» Material supplied
--
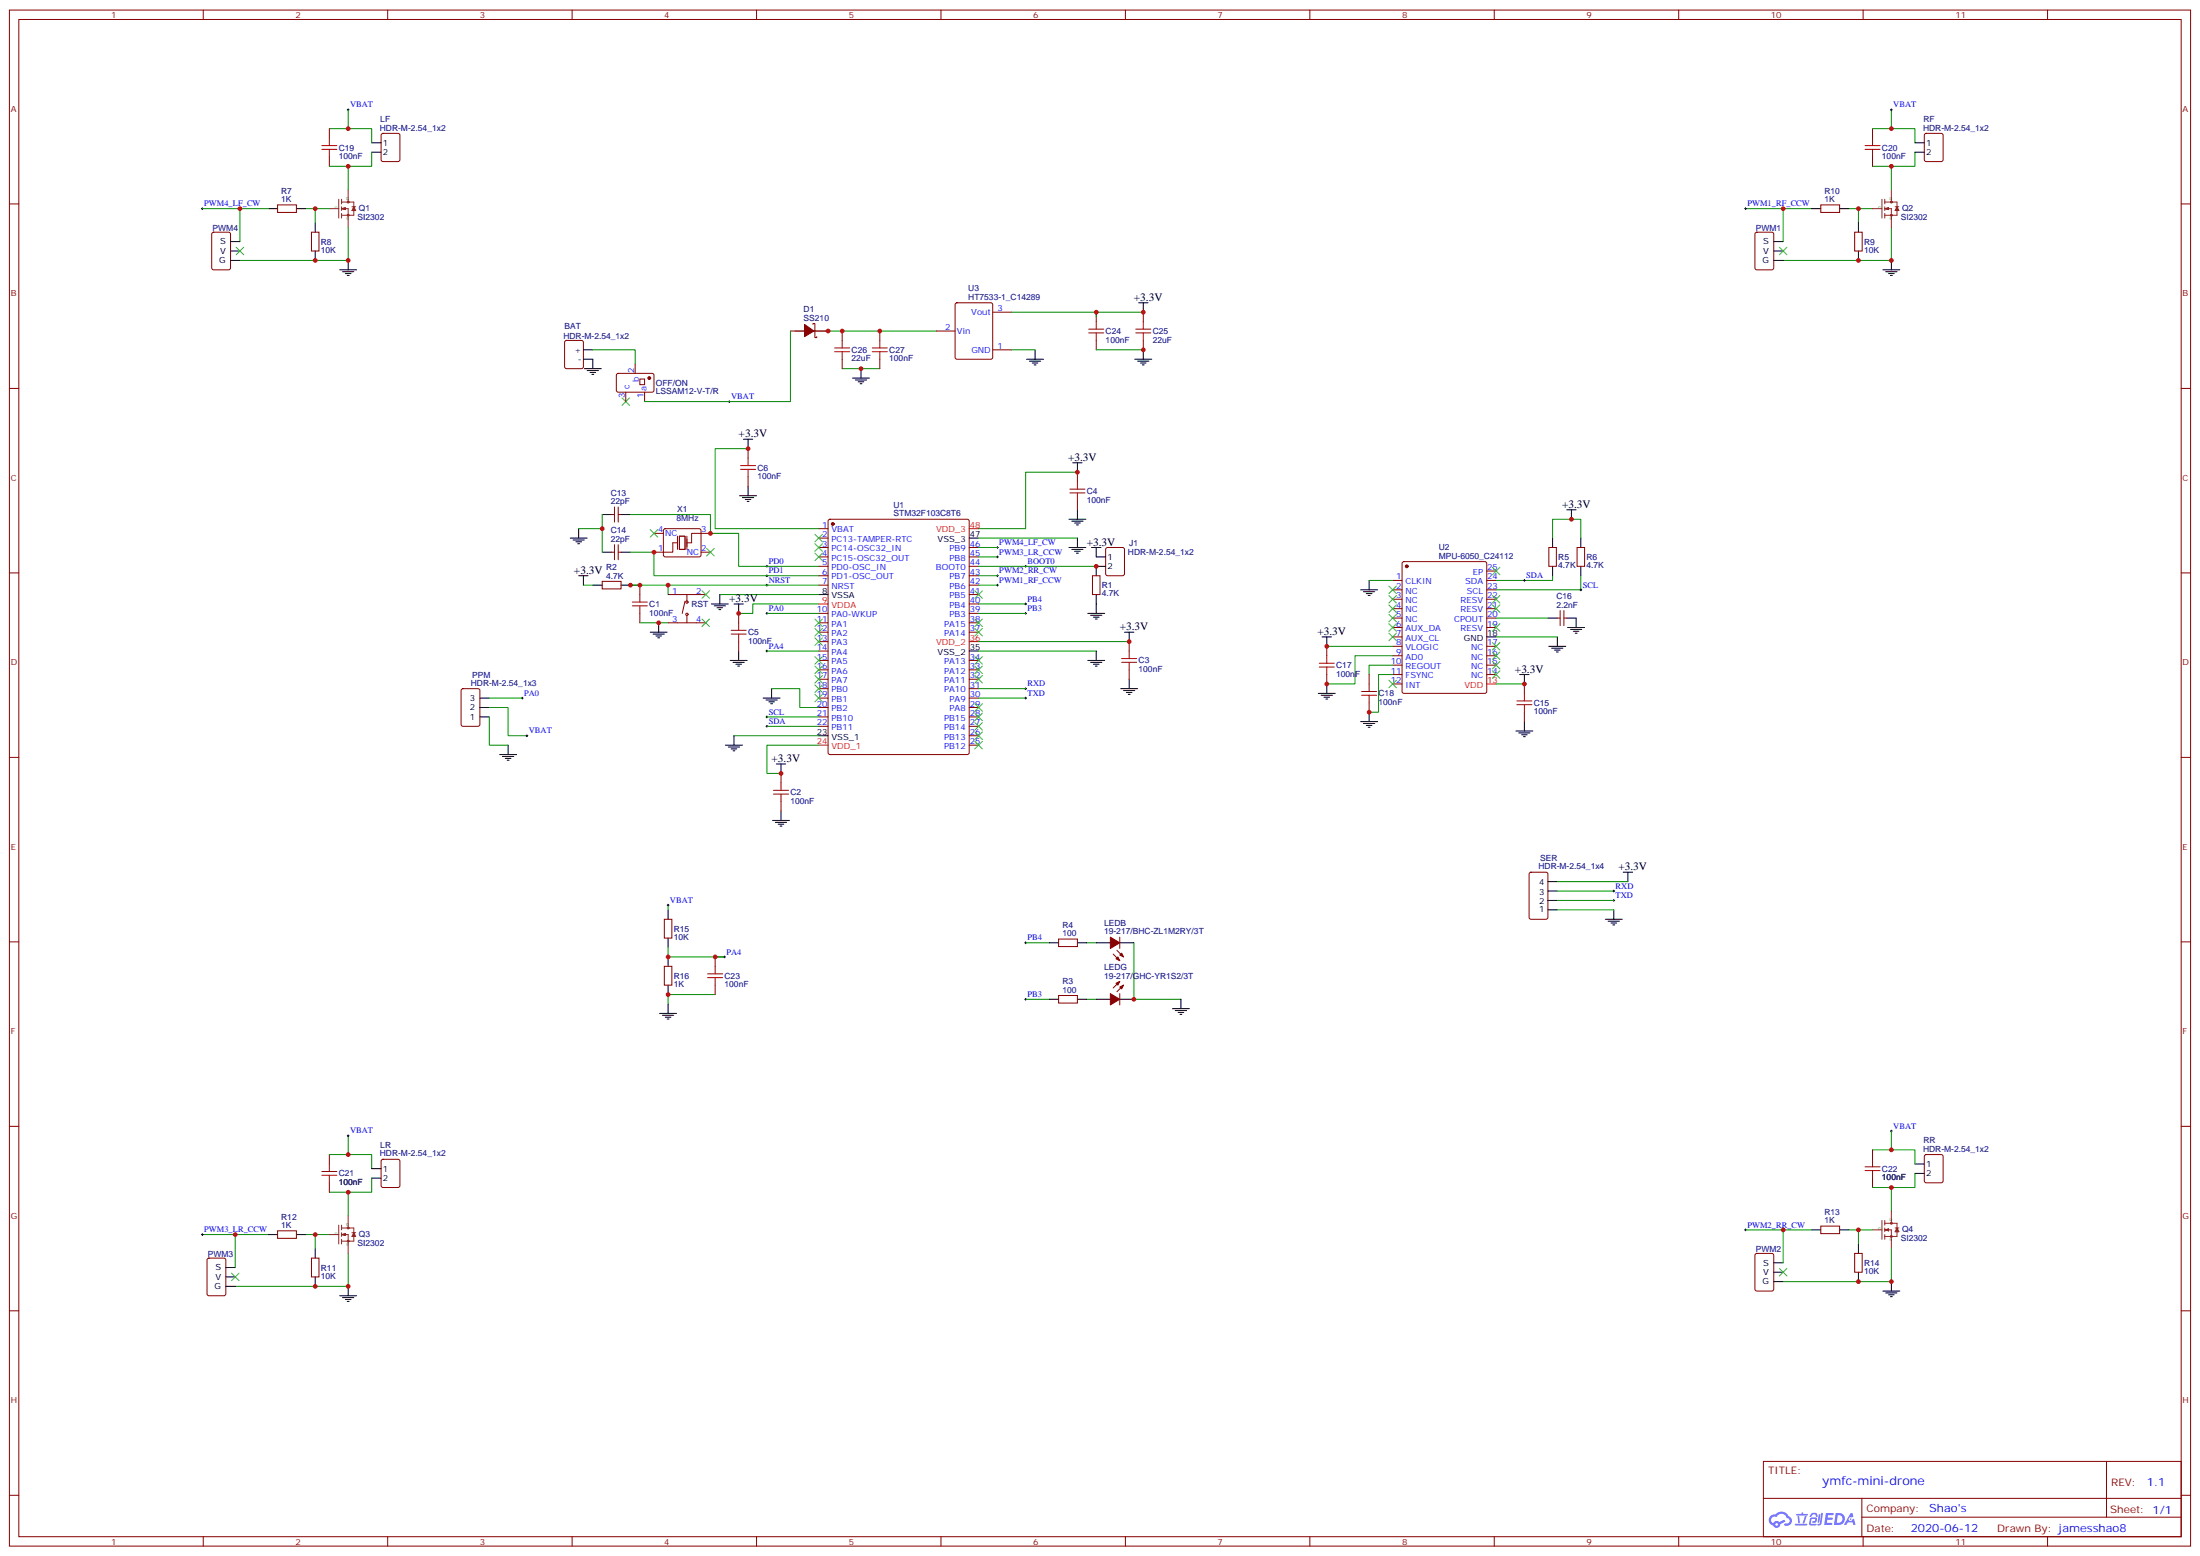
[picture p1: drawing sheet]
<svg xmlns="http://www.w3.org/2000/svg" width="825mm" height="583mm" viewBox="0 0 825 583" stroke-linecap="round" stroke-linejoin="round" font-family="sans-serif">
<g fill="none" stroke="#870000" stroke-width=".37">
<path d="M3.5 3.8h817.8v575.7h-817.8zM7.1 7.3h810.6v568.7h-810.6zM76.2 3.8v3.5M145.3 3.8v3.5M214.5 3.8v3.5M283.6 3.8v3.5M352.8 3.8v3.5M421.9 3.8v3.5M491.1 3.8v3.5M560.2 3.8v3.5M629.4 3.8v3.5M698.5 3.8v3.5"/>
<path d="M767.6 3.8v3.5M3.5 76.4h3.6M817.7 76.4h3.6M3.5 145.6h3.6M817.7 145.6h3.6M3.5 214.7h3.6M817.7 214.7h3.6M3.5 283.9h3.6M817.7 283.9h3.6M3.5 353h3.6M817.7 353h3.6M3.5 422.2h3.6"/>
<path d="M817.7 422.2h3.6M3.5 491.3h3.6M817.7 491.3h3.6M661.1 547.8h156.6v28.2h-156.6zM789.7 547.8v20.9M3.5 560.5h3.6M76.2 576v3.5M145.3 576v3.5M214.5 576v3.5M283.6 576v3.5M352.8 576v3.5M421.9 576v3.5"/>
<path d="M491.1 576v3.5M560.2 576v3.5M629.4 576v3.5M661.1 561.6h156.5M698 568.7h119.6M698 561.6v14.1M698.5 576v3.5M767.6 576v3.5M817.7 560.5h3.6"/>
</g>
<g fill="#5487ff">
<path d="M684.5 567.1l2.9 .2-.1 .5-2 .1-.1 .9h1.6l.4 .4-.4 .4h-1.7l-.2 1.2h1.8l.2 .4-.1 .3-2.9 .1z"/>
<path d="M693.8 567.1h.7l.3 1.4-.6 .3a.74 .74 0 0 0-1.1 .3 .74 .74 0 0 0 .5 1 .74 .74 0 0 0 .9-.6l.5-.3 .7 2.3h-.9l-.2-.9h-1.9l-.5 .9h-.9z"/>
<path d="M681.9 567.5h.6l-.4 3a.31 .31 0 0 1-.3 .2 .31 .31 0 0 1-.3-.3z"/>
<path d="M682.8 567.1h.6l-.5 3.9a.89 .89 0 0 1-.7 .7 .89 .89 0 0 1-.9-.3l1-.4z"/>
<path d="M679.2 567.2l1.8-.1 .4 1.4-.5 .1-.5-1-.8 .1-.6 .9-.6-.1z"/>
<path d="M678.8 568.9l1.8-.2a1.1 1.1 0 0 1 .5 1.1 1.1 1.1 0 0 1-.8 .9h-.6a.29 .29 0 0 1-.3-.3 .29 .29 0 0 1 .3-.3h.7l.2-.8-1.4 .1-.4 1.7 1.9 .1a.29 .29 0 0 1 .3 .3 .29 .29 0 0 1-.3 .2h-2l-.4-.3z"/>
<path d="M672.9 571.2h4.4a.3 .3 0 0 1 .3 .3 .3 .3 0 0 1-.3 .2h-4.3z"/>
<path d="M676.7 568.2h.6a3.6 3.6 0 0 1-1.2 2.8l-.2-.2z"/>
--
» Try it
Tell how many lines in the data hold the string "fill", giving the number by itself.

» The completed task
2